Казалось бы, мне следовало обосноваться в Ленинграде, где у Наташи была своя комната. Но не так все это было просто. Не было перспектив для меня устроиться на работу в Ленинграде, к тому же я не считал переезд в Ленинград безопасным. Меня все же арестовали в Ленинграде, дело мое, как это было заведено вообше, «хранилось вечно» и были основания опасаться бдительного надзора со стороны ленинградских репрессивных органов, стяжавших по праву славу сверхбдительных и сверхоперативных. Перипетии нашей жизни, встречи наши и разлуки, наши переживания, наша трудовая деятельность, знакомства и встречи, круг наших интересов – все это запечатлено в сохранившихся и ныне публикуемых письмах этих лет. Что-то и не отразилось в них, о чем-то сказано мимоходом. Следует, по мере возможности, восполнить лакуны, опираясь на память и на сохранившиеся в домашнем архиве материалы.

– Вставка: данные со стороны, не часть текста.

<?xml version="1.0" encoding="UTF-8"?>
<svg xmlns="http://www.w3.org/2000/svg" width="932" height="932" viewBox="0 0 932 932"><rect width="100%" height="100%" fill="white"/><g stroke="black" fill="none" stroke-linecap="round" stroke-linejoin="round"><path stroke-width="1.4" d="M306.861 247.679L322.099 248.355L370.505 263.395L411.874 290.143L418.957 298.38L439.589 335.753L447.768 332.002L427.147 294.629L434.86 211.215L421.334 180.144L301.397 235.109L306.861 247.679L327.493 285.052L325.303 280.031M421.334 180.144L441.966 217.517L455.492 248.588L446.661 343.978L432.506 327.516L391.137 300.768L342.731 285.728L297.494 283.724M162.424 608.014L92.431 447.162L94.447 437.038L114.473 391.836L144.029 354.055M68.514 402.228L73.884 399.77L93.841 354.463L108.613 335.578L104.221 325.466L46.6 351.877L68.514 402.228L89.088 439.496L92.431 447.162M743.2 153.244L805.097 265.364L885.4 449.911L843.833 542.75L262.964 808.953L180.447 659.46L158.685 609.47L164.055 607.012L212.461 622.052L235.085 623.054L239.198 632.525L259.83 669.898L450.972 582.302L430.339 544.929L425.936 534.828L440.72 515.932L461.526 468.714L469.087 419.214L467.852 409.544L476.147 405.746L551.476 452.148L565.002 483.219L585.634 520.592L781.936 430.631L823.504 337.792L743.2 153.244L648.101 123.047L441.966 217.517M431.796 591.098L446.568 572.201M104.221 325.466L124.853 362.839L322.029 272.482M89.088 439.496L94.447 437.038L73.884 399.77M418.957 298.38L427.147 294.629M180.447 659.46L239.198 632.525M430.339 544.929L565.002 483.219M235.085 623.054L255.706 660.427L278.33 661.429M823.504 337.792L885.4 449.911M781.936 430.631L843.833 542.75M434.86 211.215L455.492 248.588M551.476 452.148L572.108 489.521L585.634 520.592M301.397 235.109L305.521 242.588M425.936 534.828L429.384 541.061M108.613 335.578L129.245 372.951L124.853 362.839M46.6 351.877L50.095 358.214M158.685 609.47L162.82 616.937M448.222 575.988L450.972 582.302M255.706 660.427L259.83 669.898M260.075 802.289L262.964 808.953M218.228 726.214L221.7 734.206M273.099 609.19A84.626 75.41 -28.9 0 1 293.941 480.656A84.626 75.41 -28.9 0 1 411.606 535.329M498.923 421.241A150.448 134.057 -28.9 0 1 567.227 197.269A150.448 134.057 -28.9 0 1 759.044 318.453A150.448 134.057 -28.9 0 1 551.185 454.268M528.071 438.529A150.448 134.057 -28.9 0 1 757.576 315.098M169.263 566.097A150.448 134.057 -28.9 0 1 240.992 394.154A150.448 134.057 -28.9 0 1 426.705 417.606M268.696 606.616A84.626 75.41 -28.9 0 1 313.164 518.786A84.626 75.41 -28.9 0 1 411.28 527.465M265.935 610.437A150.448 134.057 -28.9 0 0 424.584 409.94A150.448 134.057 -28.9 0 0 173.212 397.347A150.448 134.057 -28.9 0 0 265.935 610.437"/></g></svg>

Непростые были для нас эти годы, но богатые содержанием. Это были годы счастливых встреч. Новых, но закрепившихся и становившихся все более дорогими, старых и возобновившихся и также дорогих.
Владимир Дмитриевич Бонч-Бруевич – с ним я был знаком с 1934 года, а за время моего воркутинского сидения с ним сблизилась Наташа, пользовавшаяся его вниманием и помощью в связанных со мной делах328
.Надежда Авксентьевна Субботина и Михаил Семенович Перуцкий329
– чета художников, нищенски живших, не замечавших нищеты за страстной преданностью искусству. Михаил Семенович преподавал в каком-то художественном училище, на его скромную зарплату жили они оба. Каждый день отправлялись в Подмосковье или бродили по каким-то уголкам Москвы, на этюды. Жили в мире импрессионистической живописи и в ее духе работали сами. Надежда Авксентьевна нигде не служила. Эта чета проживала в доме на Большой Полянке № 36, а в том же доме жила Наташина двоюродная сестра. Наташа останавливалась у нее всякий раз, когда бывала в Москве. Соседство с художниками вскоре перешло в дружбу Наташи с ними. Дружбу взаимную. Комната, точнее, комнатка, двоюродной сестры Наташи стала и первым моим кровом в Москве. Не единственным.В те годы, о которых пишу, я представлял собой классический образец бомжа, как теперь принято говорить. Нередко ночевал у художников. Перефразируя классика, мог бы обратиться к их дивану, служившему мне ложем: «Многоуважаемый диван, с твоими впадинами и торчащими наружу пружинами ты был моим верным приютом». Когда укладывался спать, Надежда Авксентьевна за неимением лишнего одеяла трогательно укрывала меня стареньким пальто. Нужда не омрачала жизни, ее словно и не было. Михаил Семенович, склонный к юмору, любил обращаться к одесскому жаргону: «Закипите мне чайник», – обращался к жене. У этой четы по вечерам не переводились гости: художники, такие же нищие, как и хозяева, не поступавшиеся своим импрессионистическим первородством ни за какую похлебку. Они являлись: мужчины – в широкополых шляпах, в блузах, цвет которых трудно было определить из‐за многочисленных стирок, шеи их были повязаны пышными крепдешиновыми бантами сомнительной чистоты. Одежды художниц, неброские, но оригинальные, описать не берусь. Многим из них сослужили добрую службу унаследованные от бабушек гардеробы. Встречи сопровождались показом картин, их оживленно обсуждали. Темой разговоров, неизменно переходивших в споры, являлось искусство – живопись, скульптура, поэзия. Это были простодушные, нравственно чистые люди, даже укоры по адресу художников, преуспевших на ниве соцреализма, отличались беззлобием. В жизнеотношении этих людей сказывалось что-то детское. Мы с Наташей чувствовали себя полноправными членами этой большой семьи – оазиса дружелюбия и духовной свободы.
Чрезвычайным событием в моей и Наташиной жизни стала встреча с профессором – историком русской литературы Николаем Павловичем Сидоровым, относящаяся к середине 1946 года. Встречи могло и не быть, она произошла случайно – тем более мы оценили ее как дар судьбы. Я ничего не знал о Николае Павловиче. Я пришел в его дом, чтобы навестить Владимира Николаевича Сидорова, моего коллегу по преподавательской деятельности в Красноярском педагогическом институте в 1942–1945 годах – известного филолога. Владимира Николаевича не застал, меня пригласили подождать его. Я было вынул из портфеля какую-то книгу, как на пороге показался Николай Павлович: «Здравствуйте, вы к Володе, он скоро придет, зайдемте пока ко мне, побеседуем, и время пройдет скорее».